WHAT TO DO =
This exercise calls for every line of the data below with the string "solid" in it.

EXTRACTED RECORDS =
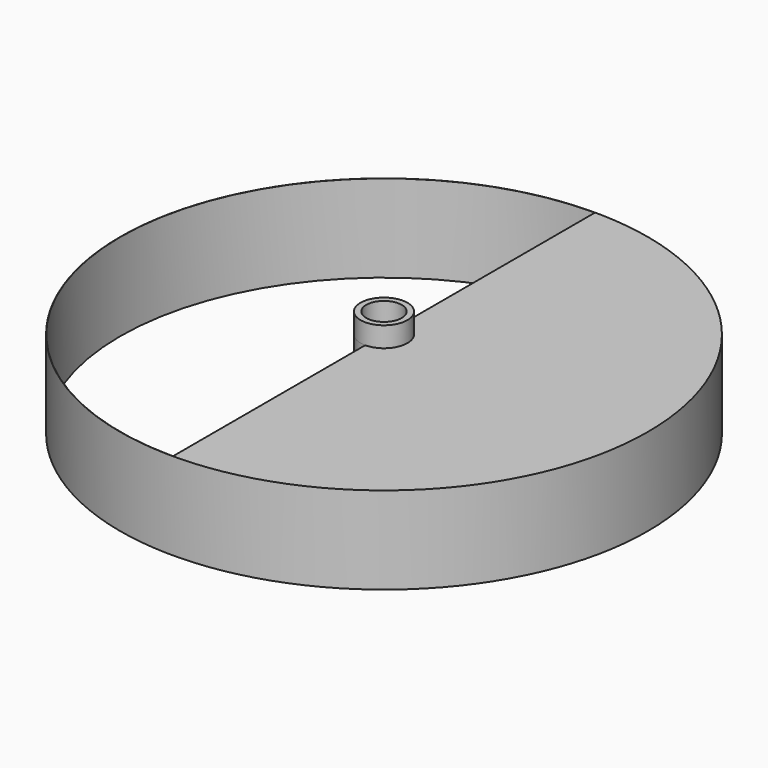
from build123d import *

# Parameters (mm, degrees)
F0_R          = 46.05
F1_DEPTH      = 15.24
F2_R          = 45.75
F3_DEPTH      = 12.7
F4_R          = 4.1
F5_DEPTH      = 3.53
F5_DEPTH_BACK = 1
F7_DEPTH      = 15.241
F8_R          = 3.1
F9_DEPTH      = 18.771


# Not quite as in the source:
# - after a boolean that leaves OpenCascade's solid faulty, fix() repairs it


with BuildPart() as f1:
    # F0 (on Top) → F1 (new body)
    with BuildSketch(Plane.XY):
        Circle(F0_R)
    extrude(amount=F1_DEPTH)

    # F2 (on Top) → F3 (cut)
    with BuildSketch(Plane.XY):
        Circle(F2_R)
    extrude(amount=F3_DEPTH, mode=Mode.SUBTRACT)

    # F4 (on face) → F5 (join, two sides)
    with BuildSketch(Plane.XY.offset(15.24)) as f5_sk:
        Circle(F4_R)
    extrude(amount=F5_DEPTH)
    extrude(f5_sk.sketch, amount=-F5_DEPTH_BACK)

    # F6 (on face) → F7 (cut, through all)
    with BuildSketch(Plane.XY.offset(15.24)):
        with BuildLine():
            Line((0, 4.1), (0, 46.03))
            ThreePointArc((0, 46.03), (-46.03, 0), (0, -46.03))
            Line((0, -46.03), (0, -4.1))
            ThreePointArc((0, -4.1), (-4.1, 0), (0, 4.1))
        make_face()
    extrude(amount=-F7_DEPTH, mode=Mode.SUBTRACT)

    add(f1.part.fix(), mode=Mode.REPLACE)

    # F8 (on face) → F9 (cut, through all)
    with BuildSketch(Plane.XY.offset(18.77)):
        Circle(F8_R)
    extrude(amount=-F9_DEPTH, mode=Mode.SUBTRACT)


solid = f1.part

COMPLETED EXERCISE =
# - after a boolean that leaves OpenCascade's solid faulty, fix() repairs it
solid = f1.part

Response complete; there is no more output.